▶ _Extracted material_:
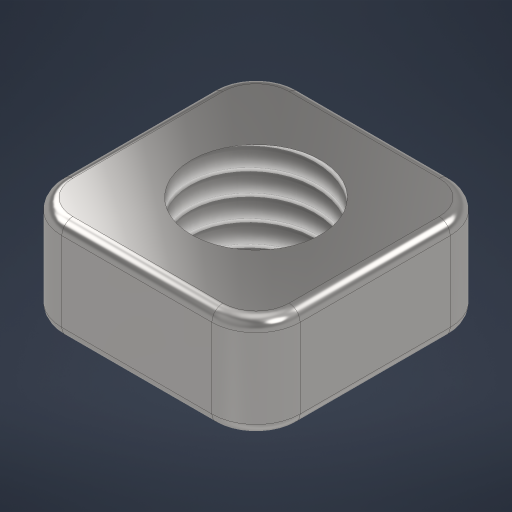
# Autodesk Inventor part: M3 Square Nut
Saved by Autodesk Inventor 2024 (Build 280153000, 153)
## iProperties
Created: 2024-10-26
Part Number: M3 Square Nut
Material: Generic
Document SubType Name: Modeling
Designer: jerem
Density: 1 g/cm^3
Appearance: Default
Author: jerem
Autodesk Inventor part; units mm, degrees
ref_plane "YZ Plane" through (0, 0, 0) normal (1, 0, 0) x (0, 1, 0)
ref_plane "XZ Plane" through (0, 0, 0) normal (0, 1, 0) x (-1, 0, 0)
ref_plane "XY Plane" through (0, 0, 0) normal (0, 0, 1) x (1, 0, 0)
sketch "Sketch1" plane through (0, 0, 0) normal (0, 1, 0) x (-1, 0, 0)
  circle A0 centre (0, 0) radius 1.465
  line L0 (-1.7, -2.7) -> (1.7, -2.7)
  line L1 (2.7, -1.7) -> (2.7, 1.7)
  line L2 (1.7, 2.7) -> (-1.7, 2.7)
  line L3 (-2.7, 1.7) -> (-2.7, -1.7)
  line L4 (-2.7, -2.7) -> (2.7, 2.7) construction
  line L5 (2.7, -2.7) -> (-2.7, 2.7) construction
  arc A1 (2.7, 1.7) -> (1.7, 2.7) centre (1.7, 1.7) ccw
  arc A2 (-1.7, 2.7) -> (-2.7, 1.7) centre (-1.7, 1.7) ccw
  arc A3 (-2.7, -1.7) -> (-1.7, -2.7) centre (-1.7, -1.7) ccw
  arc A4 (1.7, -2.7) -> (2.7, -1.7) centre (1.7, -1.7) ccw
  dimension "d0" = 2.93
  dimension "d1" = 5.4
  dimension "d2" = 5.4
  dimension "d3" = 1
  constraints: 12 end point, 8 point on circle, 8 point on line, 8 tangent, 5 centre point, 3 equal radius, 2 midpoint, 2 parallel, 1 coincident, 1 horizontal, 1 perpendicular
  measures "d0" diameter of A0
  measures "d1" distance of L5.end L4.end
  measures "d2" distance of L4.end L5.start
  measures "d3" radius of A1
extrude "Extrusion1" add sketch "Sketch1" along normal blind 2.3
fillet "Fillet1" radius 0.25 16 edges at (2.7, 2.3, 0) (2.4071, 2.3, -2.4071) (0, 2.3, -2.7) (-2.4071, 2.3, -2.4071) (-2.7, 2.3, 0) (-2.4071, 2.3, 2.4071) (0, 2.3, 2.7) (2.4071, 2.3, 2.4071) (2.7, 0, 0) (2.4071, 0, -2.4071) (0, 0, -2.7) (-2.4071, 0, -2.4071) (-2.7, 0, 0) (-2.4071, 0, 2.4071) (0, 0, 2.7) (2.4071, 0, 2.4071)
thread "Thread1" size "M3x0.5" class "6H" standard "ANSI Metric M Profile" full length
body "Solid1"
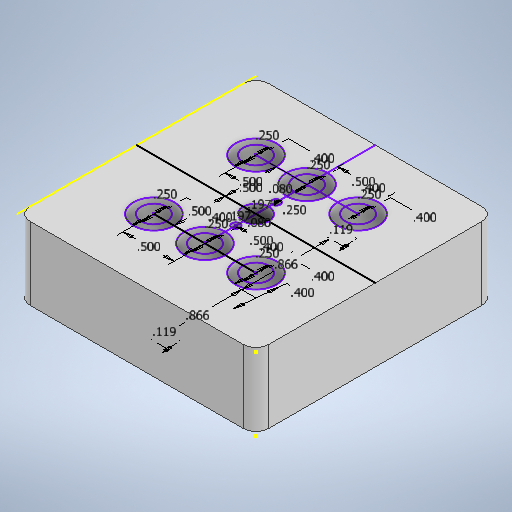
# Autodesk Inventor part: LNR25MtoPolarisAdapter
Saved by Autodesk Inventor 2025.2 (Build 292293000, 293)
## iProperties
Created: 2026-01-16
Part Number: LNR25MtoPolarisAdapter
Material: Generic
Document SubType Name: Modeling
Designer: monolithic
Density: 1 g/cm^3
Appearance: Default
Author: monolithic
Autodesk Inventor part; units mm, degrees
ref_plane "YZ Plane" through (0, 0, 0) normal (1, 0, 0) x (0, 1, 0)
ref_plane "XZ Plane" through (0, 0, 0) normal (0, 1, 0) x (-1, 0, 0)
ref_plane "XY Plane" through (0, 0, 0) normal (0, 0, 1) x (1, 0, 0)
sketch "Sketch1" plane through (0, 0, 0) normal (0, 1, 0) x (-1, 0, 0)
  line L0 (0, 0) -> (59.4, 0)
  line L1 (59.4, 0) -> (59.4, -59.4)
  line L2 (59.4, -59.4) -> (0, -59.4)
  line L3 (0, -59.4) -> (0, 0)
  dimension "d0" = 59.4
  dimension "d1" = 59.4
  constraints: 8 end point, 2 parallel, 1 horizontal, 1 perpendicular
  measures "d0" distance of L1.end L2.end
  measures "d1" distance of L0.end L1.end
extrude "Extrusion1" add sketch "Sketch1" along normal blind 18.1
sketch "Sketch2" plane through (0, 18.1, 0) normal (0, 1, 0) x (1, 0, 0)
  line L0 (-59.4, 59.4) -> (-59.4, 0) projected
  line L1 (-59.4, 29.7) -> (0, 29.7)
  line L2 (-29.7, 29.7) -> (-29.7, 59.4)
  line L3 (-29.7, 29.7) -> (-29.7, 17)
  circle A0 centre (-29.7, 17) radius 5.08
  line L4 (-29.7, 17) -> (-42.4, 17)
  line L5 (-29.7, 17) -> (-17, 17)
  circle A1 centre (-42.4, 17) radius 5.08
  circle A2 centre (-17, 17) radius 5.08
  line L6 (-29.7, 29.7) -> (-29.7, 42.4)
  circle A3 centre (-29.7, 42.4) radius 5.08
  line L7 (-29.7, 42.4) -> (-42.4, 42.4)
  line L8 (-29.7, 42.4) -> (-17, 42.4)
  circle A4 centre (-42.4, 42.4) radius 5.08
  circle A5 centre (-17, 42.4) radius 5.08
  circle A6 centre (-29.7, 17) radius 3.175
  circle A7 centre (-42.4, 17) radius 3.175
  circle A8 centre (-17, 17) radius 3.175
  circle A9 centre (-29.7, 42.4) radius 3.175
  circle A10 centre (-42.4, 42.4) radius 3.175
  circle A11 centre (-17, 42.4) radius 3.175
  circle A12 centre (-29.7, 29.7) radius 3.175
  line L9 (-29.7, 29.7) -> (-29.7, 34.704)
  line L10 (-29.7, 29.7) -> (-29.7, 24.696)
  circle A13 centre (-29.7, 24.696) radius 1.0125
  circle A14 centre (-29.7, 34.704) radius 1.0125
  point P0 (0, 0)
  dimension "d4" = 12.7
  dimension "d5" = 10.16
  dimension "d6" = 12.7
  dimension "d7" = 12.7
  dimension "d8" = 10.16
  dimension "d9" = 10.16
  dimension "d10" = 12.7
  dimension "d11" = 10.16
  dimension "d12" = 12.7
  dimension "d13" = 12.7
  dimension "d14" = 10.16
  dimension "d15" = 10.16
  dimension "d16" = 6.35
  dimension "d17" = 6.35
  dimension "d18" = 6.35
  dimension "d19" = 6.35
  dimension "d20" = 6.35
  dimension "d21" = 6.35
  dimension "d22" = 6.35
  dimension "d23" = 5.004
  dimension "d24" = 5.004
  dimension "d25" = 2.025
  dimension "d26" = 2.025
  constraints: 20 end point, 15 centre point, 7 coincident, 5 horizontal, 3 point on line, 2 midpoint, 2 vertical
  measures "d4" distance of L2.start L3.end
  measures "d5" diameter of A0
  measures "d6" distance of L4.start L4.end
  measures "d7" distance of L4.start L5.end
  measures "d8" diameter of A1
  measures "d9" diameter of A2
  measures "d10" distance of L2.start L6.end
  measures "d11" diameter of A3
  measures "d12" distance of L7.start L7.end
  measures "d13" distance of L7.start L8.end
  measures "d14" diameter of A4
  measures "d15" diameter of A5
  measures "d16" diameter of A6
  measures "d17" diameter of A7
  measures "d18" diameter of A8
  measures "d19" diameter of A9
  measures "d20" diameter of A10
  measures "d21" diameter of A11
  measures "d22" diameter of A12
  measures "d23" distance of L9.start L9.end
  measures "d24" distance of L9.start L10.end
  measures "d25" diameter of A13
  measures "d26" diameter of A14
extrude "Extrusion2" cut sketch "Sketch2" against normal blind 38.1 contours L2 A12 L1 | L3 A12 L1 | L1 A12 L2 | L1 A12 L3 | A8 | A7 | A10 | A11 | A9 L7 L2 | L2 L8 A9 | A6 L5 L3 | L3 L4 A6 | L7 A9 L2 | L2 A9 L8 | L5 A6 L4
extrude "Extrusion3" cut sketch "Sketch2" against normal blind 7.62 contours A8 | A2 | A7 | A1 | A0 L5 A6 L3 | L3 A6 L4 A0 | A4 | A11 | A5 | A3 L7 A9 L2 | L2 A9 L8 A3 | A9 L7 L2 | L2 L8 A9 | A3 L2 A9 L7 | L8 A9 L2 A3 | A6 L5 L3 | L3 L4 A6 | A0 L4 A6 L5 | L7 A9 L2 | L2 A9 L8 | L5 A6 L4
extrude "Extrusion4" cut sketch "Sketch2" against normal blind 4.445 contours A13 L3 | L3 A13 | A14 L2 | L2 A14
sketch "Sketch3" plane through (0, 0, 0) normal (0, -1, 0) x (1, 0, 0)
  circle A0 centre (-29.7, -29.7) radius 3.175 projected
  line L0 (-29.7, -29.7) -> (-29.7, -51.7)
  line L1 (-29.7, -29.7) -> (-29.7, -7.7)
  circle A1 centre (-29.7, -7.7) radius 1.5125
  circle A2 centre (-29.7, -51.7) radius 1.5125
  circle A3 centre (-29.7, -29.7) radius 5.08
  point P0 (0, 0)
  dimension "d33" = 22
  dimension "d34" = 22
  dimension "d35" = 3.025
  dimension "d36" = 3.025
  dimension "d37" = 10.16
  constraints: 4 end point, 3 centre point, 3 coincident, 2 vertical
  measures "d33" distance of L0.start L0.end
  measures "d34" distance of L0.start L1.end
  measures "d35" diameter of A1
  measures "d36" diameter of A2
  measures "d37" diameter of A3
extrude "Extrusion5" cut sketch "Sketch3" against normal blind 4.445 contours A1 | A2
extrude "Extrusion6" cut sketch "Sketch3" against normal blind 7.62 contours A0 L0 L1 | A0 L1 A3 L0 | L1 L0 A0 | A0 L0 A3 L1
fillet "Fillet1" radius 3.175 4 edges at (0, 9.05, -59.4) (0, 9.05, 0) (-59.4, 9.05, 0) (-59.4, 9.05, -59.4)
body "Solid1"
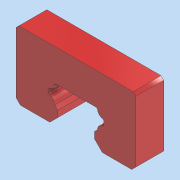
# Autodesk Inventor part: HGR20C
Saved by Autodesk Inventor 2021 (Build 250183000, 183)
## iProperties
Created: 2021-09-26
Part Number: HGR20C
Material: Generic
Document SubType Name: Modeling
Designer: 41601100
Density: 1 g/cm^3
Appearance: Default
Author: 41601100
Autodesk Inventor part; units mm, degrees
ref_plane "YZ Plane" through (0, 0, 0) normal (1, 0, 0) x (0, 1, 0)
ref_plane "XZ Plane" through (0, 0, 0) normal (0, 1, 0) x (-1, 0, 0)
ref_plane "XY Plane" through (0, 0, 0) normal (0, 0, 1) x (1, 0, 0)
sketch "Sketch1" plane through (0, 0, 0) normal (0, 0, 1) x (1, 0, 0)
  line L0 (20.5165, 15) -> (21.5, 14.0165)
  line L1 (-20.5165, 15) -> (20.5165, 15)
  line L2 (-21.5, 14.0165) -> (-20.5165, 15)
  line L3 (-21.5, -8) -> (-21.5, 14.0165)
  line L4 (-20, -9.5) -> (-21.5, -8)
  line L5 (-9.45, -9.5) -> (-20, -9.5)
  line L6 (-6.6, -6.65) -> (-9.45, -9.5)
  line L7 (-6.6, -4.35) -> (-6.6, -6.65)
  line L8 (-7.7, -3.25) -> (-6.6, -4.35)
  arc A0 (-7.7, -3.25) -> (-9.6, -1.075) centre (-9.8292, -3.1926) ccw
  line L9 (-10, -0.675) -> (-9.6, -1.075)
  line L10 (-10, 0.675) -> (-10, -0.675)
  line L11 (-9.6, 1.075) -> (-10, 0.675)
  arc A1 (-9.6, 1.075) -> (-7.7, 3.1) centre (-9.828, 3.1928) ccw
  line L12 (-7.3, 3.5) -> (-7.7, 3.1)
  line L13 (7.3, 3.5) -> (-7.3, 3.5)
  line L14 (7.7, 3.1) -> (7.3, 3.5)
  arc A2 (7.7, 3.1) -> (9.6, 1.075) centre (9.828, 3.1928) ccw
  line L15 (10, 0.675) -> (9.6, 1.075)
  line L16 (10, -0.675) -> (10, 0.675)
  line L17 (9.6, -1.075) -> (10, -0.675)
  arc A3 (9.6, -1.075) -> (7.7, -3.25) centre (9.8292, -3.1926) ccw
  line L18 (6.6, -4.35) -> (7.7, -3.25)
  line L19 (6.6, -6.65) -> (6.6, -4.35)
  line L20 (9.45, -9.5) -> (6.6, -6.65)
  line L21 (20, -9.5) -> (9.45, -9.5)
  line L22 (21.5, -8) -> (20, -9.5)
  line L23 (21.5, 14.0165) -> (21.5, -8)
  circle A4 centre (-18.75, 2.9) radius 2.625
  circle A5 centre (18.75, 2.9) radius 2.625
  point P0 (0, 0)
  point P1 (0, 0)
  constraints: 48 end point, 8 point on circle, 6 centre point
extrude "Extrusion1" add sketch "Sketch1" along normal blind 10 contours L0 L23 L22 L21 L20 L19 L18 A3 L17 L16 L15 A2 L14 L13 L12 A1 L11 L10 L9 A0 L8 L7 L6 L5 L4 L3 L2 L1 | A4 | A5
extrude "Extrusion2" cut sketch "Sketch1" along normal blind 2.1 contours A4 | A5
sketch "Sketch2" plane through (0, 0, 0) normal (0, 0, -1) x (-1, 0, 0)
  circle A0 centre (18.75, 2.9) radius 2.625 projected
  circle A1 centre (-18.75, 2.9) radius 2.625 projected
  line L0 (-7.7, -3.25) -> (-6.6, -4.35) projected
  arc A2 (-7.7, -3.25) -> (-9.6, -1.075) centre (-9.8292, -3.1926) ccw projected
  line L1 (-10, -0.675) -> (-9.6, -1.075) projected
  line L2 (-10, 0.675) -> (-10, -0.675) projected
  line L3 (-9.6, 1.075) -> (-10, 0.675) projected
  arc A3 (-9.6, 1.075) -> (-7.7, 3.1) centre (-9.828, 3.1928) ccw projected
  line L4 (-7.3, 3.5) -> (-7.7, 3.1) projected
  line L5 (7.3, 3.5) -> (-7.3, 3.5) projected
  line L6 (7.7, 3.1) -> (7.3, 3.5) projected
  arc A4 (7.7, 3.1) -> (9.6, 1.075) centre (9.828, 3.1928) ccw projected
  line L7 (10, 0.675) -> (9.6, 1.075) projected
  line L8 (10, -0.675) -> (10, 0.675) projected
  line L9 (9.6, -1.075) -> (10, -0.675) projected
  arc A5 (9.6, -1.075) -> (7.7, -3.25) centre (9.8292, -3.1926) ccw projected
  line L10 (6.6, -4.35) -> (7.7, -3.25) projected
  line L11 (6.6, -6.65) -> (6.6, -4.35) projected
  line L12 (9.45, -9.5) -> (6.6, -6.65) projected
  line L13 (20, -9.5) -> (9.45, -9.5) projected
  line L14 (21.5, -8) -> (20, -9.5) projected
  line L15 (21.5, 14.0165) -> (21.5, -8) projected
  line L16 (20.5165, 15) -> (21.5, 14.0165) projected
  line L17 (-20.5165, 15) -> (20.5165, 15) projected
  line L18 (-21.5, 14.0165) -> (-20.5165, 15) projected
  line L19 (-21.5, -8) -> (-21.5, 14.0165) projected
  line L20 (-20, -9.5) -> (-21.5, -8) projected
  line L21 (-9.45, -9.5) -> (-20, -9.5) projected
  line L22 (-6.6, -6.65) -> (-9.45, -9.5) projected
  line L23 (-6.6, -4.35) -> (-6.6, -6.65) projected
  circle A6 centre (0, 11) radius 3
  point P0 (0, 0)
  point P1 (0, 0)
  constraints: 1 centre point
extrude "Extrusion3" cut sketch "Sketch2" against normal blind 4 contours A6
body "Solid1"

▶ _Aim of the exercise_: Retype the entries above exactly. Stop after the line containing "arc A3 (-2.7, -1.7)", and omit the pictures.

▶ _Task response_:
# Autodesk Inventor part: M3 Square Nut
Saved by Autodesk Inventor 2024 (Build 280153000, 153)
## iProperties
Created: 2024-10-26
Part Number: M3 Square Nut
Material: Generic
Document SubType Name: Modeling
Designer: jerem
Density: 1 g/cm^3
Appearance: Default
Author: jerem
Autodesk Inventor part; units mm, degrees
ref_plane "YZ Plane" through (0, 0, 0) normal (1, 0, 0) x (0, 1, 0)
ref_plane "XZ Plane" through (0, 0, 0) normal (0, 1, 0) x (-1, 0, 0)
ref_plane "XY Plane" through (0, 0, 0) normal (0, 0, 1) x (1, 0, 0)
sketch "Sketch1" plane through (0, 0, 0) normal (0, 1, 0) x (-1, 0, 0)
  circle A0 centre (0, 0) radius 1.465
  line L0 (-1.7, -2.7) -> (1.7, -2.7)
  line L1 (2.7, -1.7) -> (2.7, 1.7)
  line L2 (1.7, 2.7) -> (-1.7, 2.7)
  line L3 (-2.7, 1.7) -> (-2.7, -1.7)
  line L4 (-2.7, -2.7) -> (2.7, 2.7) construction
  line L5 (2.7, -2.7) -> (-2.7, 2.7) construction
  arc A1 (2.7, 1.7) -> (1.7, 2.7) centre (1.7, 1.7) ccw
  arc A2 (-1.7, 2.7) -> (-2.7, 1.7) centre (-1.7, 1.7) ccw
  arc A3 (-2.7, -1.7) -> (-1.7, -2.7) centre (-1.7, -1.7) ccw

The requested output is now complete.